• _Extracted information_:
---*---

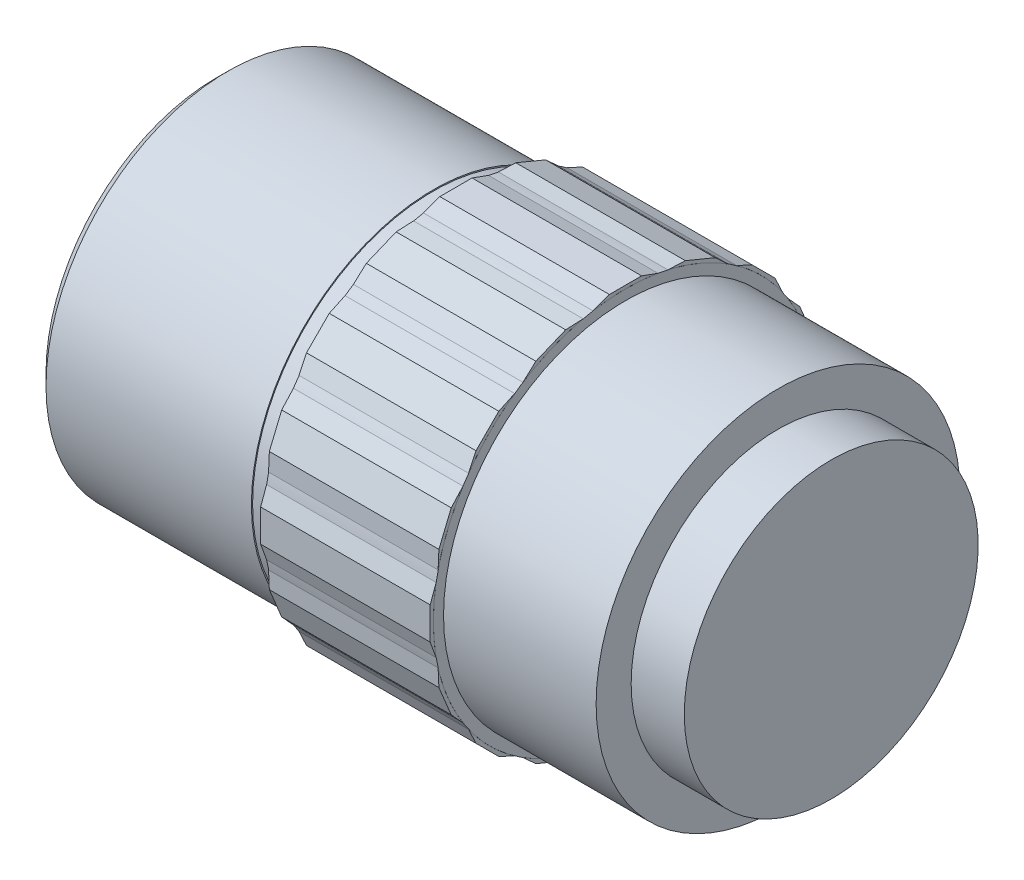
from build123d import *

# Parameters (mm, degrees)
BOSS_EXTRUDE1_DEPTH    = 15
BOSS_EXTRUDE1_2_DEPTH  = 15
BOSS_EXTRUDE1_3_DEPTH  = 15
BOSS_EXTRUDE1_4_DEPTH  = 15
BOSS_EXTRUDE1_5_DEPTH  = 15
BOSS_EXTRUDE1_6_DEPTH  = 15
BOSS_EXTRUDE1_7_DEPTH  = 15
BOSS_EXTRUDE1_8_DEPTH  = 15
BOSS_EXTRUDE1_9_DEPTH  = 15
BOSS_EXTRUDE1_10_DEPTH = 15
BOSS_EXTRUDE1_11_DEPTH = 15
BOSS_EXTRUDE1_12_DEPTH = 15
BOSS_EXTRUDE1_13_DEPTH = 15
BOSS_EXTRUDE1_14_DEPTH = 15
BOSS_EXTRUDE1_15_DEPTH = 15
BOSS_EXTRUDE1_16_DEPTH = 15
CUT_EXTRUDE1_START     = 2
SKETCH3_R              = 16.1
SKETCH3_R_2            = 15.993618491
CUT_EXTRUDE1_DEPTH     = 2


with BuildPart() as part:
    # Sketch1 → Revolve1 (revolve)
    with BuildSketch(Plane.XY, mode=Mode.PRIVATE) as revolve1_sk:
        Polygon((0, 0), (0, 13), (-4.7, 13), (-4.7, 16.1), (-18.2, 16.1), (-18.2, 17), (-33.2, 17), (-33.2, 16.1), (-53.370470841, 16.1), (-54.399998096, 15.070472746), (-54.399998096, 7.872343539), (-54.7, 7.572341635), (-54.7, 0), align=None)
    revolve(revolve1_sk.sketch.rotate(Axis((-54.7, 0, 0), (1, 0, 0)), 90), axis=Axis((-54.7, 0, 0), (1, 0, 0)))

    # Sketch3 → Cut-Extrude1 (cut)
    with BuildSketch(Plane.ZY.offset(33.2).offset(CUT_EXTRUDE1_START)):
        Circle(SKETCH3_R)
        Circle(SKETCH3_R_2, mode=Mode.SUBTRACT)
    extrude(amount=-CUT_EXTRUDE1_DEPTH, mode=Mode.SUBTRACT)


with BuildPart() as body_2:
    # Sketch2 → Boss-Extrude1 (new body)
    with BuildSketch(Plane.ZY.offset(33.2)):
        with BuildLine():
            Line((17.280365855, 1.425744986), (16.754324522, 2.879689187))
            ThreePointArc((16.754324522, 2.879689187), (16.938469778, 1.445074933), (17, 0))
            ThreePointArc((17, 0), (16.938469778, -1.445074933), (16.754324522, -2.879689187))
            Line((16.754324522, -2.879689187), (17.280365855, -1.425744986))
            Line((17.280365855, -1.425744986), (17.280365855, 1.425744986))
        make_face()
    extrude(amount=-BOSS_EXTRUDE1_DEPTH)


with BuildPart() as body_3:
    # Sketch2 → Boss-Extrude1 2 (new body)
    with BuildSketch(Plane.ZY.offset(33.2)):
        with BuildLine():
            Line((16.510585312, -5.295693106), (16.580986849, -3.751116515))
            ThreePointArc((16.580986849, -3.751116515), (15.705952053, -6.50561835), (14.376968165, -9.072088315))
            Line((14.376968165, -9.072088315), (15.419367342, -7.930126329))
            Line((15.419367342, -7.930126329), (16.510585312, -5.295693106))
        make_face()
    extrude(amount=-BOSS_EXTRUDE1_2_DEPTH)


with BuildPart() as body_4:
    # Sketch2 → Boss-Extrude1 3 (new body)
    with BuildSketch(Plane.ZY.offset(33.2)):
        with BuildLine():
            Line((13.227217825, -11.210909929), (13.883344235, -9.810848732))
            ThreePointArc((13.883344235, -9.810848732), (12.02081528, -12.02081528), (9.810848732, -13.883344235))
            Line((9.810848732, -13.883344235), (11.210909929, -13.227217825))
            Line((11.210909929, -13.227217825), (13.227217825, -11.210909929))
        make_face()
    extrude(amount=-BOSS_EXTRUDE1_3_DEPTH)


with BuildPart() as body_5:
    # Sketch2 → Boss-Extrude1 4 (new body)
    with BuildSketch(Plane.ZY.offset(33.2)):
        with BuildLine():
            Line((7.930126329, -15.419367342), (9.072088315, -14.376968165))
            ThreePointArc((9.072088315, -14.376968165), (6.50561835, -15.705952053), (3.751116515, -16.580986849))
            Line((3.751116515, -16.580986849), (5.295693106, -16.510585312))
            Line((5.295693106, -16.510585312), (7.930126329, -15.419367342))
        make_face()
    extrude(amount=-BOSS_EXTRUDE1_4_DEPTH)


with BuildPart() as body_6:
    # Sketch2 → Boss-Extrude1 5 (new body)
    with BuildSketch(Plane.ZY.offset(33.2)):
        with BuildLine():
            Line((1.425744986, -17.280365855), (2.879689187, -16.754324522))
            ThreePointArc((2.879689187, -16.754324522), (0, -17), (-2.879689187, -16.754324522))
            Line((-2.879689187, -16.754324522), (-1.425744986, -17.280365855))
            Line((-1.425744986, -17.280365855), (1.425744986, -17.280365855))
        make_face()
    extrude(amount=-BOSS_EXTRUDE1_5_DEPTH)


with BuildPart() as body_7:
    # Sketch2 → Boss-Extrude1 6 (new body)
    with BuildSketch(Plane.ZY.offset(33.2)):
        with BuildLine():
            Line((-5.295693106, -16.510585312), (-3.751116515, -16.580986849))
            ThreePointArc((-3.751116515, -16.580986849), (-6.50561835, -15.705952053), (-9.072088315, -14.376968165))
            Line((-9.072088315, -14.376968165), (-7.930126329, -15.419367342))
            Line((-7.930126329, -15.419367342), (-5.295693106, -16.510585312))
        make_face()
    extrude(amount=-BOSS_EXTRUDE1_6_DEPTH)


with BuildPart() as body_8:
    # Sketch2 → Boss-Extrude1 7 (new body)
    with BuildSketch(Plane.ZY.offset(33.2)):
        with BuildLine():
            Line((-11.210909929, -13.227217825), (-9.810848732, -13.883344235))
            ThreePointArc((-9.810848732, -13.883344235), (-12.02081528, -12.02081528), (-13.883344235, -9.810848732))
            Line((-13.883344235, -9.810848732), (-13.227217825, -11.210909929))
            Line((-13.227217825, -11.210909929), (-11.210909929, -13.227217825))
        make_face()
    extrude(amount=-BOSS_EXTRUDE1_7_DEPTH)


with BuildPart() as body_9:
    # Sketch2 → Boss-Extrude1 8 (new body)
    with BuildSketch(Plane.ZY.offset(33.2)):
        with BuildLine():
            Line((-15.419367342, -7.930126329), (-14.376968165, -9.072088315))
            ThreePointArc((-14.376968165, -9.072088315), (-15.705952053, -6.50561835), (-16.580986849, -3.751116515))
            Line((-16.580986849, -3.751116515), (-16.510585312, -5.295693106))
            Line((-16.510585312, -5.295693106), (-15.419367342, -7.930126329))
        make_face()
    extrude(amount=-BOSS_EXTRUDE1_8_DEPTH)


with BuildPart() as body_10:
    # Sketch2 → Boss-Extrude1 9 (new body)
    with BuildSketch(Plane.ZY.offset(33.2)):
        with BuildLine():
            ThreePointArc((-16.754324522, -2.879689187), (-17, 0), (-16.754324522, 2.879689187))
            Line((-16.754324522, 2.879689187), (-17.280365855, 1.425744986))
            Line((-17.280365855, 1.425744986), (-17.280365855, -1.425744986))
            Line((-17.280365855, -1.425744986), (-16.754324522, -2.879689187))
        make_face()
    extrude(amount=-BOSS_EXTRUDE1_9_DEPTH)


with BuildPart() as body_11:
    # Sketch2 → Boss-Extrude1 10 (new body)
    with BuildSketch(Plane.ZY.offset(33.2)):
        with BuildLine():
            ThreePointArc((-16.580986849, 3.751116515), (-15.705952053, 6.50561835), (-14.376968165, 9.072088315))
            Line((-14.376968165, 9.072088315), (-15.419367342, 7.930126329))
            Line((-15.419367342, 7.930126329), (-16.510585312, 5.295693106))
            Line((-16.510585312, 5.295693106), (-16.580986849, 3.751116515))
        make_face()
    extrude(amount=-BOSS_EXTRUDE1_10_DEPTH)


with BuildPart() as body_12:
    # Sketch2 → Boss-Extrude1 11 (new body)
    with BuildSketch(Plane.ZY.offset(33.2)):
        with BuildLine():
            ThreePointArc((-13.883344235, 9.810848732), (-12.02081528, 12.02081528), (-9.810848732, 13.883344235))
            Line((-9.810848732, 13.883344235), (-11.210909929, 13.227217825))
            Line((-11.210909929, 13.227217825), (-13.227217825, 11.210909929))
            Line((-13.227217825, 11.210909929), (-13.883344235, 9.810848732))
        make_face()
    extrude(amount=-BOSS_EXTRUDE1_11_DEPTH)


with BuildPart() as body_13:
    # Sketch2 → Boss-Extrude1 12 (new body)
    with BuildSketch(Plane.ZY.offset(33.2)):
        with BuildLine():
            ThreePointArc((-9.072088315, 14.376968165), (-6.50561835, 15.705952053), (-3.751116515, 16.580986849))
            Line((-3.751116515, 16.580986849), (-5.295693106, 16.510585312))
            Line((-5.295693106, 16.510585312), (-7.930126329, 15.419367342))
            Line((-7.930126329, 15.419367342), (-9.072088315, 14.376968165))
        make_face()
    extrude(amount=-BOSS_EXTRUDE1_12_DEPTH)


with BuildPart() as body_14:
    # Sketch2 → Boss-Extrude1 13 (new body)
    with BuildSketch(Plane.ZY.offset(33.2)):
        with BuildLine():
            ThreePointArc((-2.879689187, 16.754324522), (0, 17), (2.879689187, 16.754324522))
            Line((2.879689187, 16.754324522), (1.425744986, 17.280365855))
            Line((1.425744986, 17.280365855), (-1.425744986, 17.280365855))
            Line((-1.425744986, 17.280365855), (-2.879689187, 16.754324522))
        make_face()
    extrude(amount=-BOSS_EXTRUDE1_13_DEPTH)


with BuildPart() as body_15:
    # Sketch2 → Boss-Extrude1 14 (new body)
    with BuildSketch(Plane.ZY.offset(33.2)):
        with BuildLine():
            ThreePointArc((3.751116515, 16.580986849), (6.50561835, 15.705952053), (9.072088315, 14.376968165))
            Line((9.072088315, 14.376968165), (7.930126329, 15.419367342))
            Line((7.930126329, 15.419367342), (5.295693106, 16.510585312))
            Line((5.295693106, 16.510585312), (3.751116515, 16.580986849))
        make_face()
    extrude(amount=-BOSS_EXTRUDE1_14_DEPTH)


with BuildPart() as body_16:
    # Sketch2 → Boss-Extrude1 15 (new body)
    with BuildSketch(Plane.ZY.offset(33.2)):
        with BuildLine():
            ThreePointArc((9.810848732, 13.883344235), (12.02081528, 12.02081528), (13.883344235, 9.810848732))
            Line((13.883344235, 9.810848732), (13.227217825, 11.210909929))
            Line((13.227217825, 11.210909929), (11.210909929, 13.227217825))
            Line((11.210909929, 13.227217825), (9.810848732, 13.883344235))
        make_face()
    extrude(amount=-BOSS_EXTRUDE1_15_DEPTH)


with BuildPart() as body_17:
    # Sketch2 → Boss-Extrude1 16 (new body)
    with BuildSketch(Plane.ZY.offset(33.2)):
        with BuildLine():
            ThreePointArc((14.376968165, 9.072088315), (15.705952053, 6.50561835), (16.580986849, 3.751116515))
            Line((16.580986849, 3.751116515), (16.510585312, 5.295693106))
            Line((16.510585312, 5.295693106), (15.419367342, 7.930126329))
            Line((15.419367342, 7.930126329), (14.376968165, 9.072088315))
        make_face()
    extrude(amount=-BOSS_EXTRUDE1_16_DEPTH)


solid = Compound([part.part, body_2.part, body_3.part, body_4.part, body_5.part, body_6.part, body_7.part, body_8.part, body_9.part, body_10.part, body_11.part, body_12.part, body_13.part, body_14.part, body_15.part, body_16.part, body_17.part])

---*---

• _What you are asked to do_: All lines from the one with "Line((13.883344235, 9.810848732), (13.227217825, 11.210909929))" through the final line of the listing above are to be restated word for word; the lines before it are left out.

• _Answer space_:
            Line((13.883344235, 9.810848732), (13.227217825, 11.210909929))
            Line((13.227217825, 11.210909929), (11.210909929, 13.227217825))
            Line((11.210909929, 13.227217825), (9.810848732, 13.883344235))
        make_face()
    extrude(amount=-BOSS_EXTRUDE1_15_DEPTH)


with BuildPart() as body_17:
    # Sketch2 → Boss-Extrude1 16 (new body)
    with BuildSketch(Plane.ZY.offset(33.2)):
        with BuildLine():
            ThreePointArc((14.376968165, 9.072088315), (15.705952053, 6.50561835), (16.580986849, 3.751116515))
            Line((16.580986849, 3.751116515), (16.510585312, 5.295693106))
            Line((16.510585312, 5.295693106), (15.419367342, 7.930126329))
            Line((15.419367342, 7.930126329), (14.376968165, 9.072088315))
        make_face()
    extrude(amount=-BOSS_EXTRUDE1_16_DEPTH)


solid = Compound([part.part, body_2.part, body_3.part, body_4.part, body_5.part, body_6.part, body_7.part, body_8.part, body_9.part, body_10.part, body_11.part, body_12.part, body_13.part, body_14.part, body_15.part, body_16.part, body_17.part])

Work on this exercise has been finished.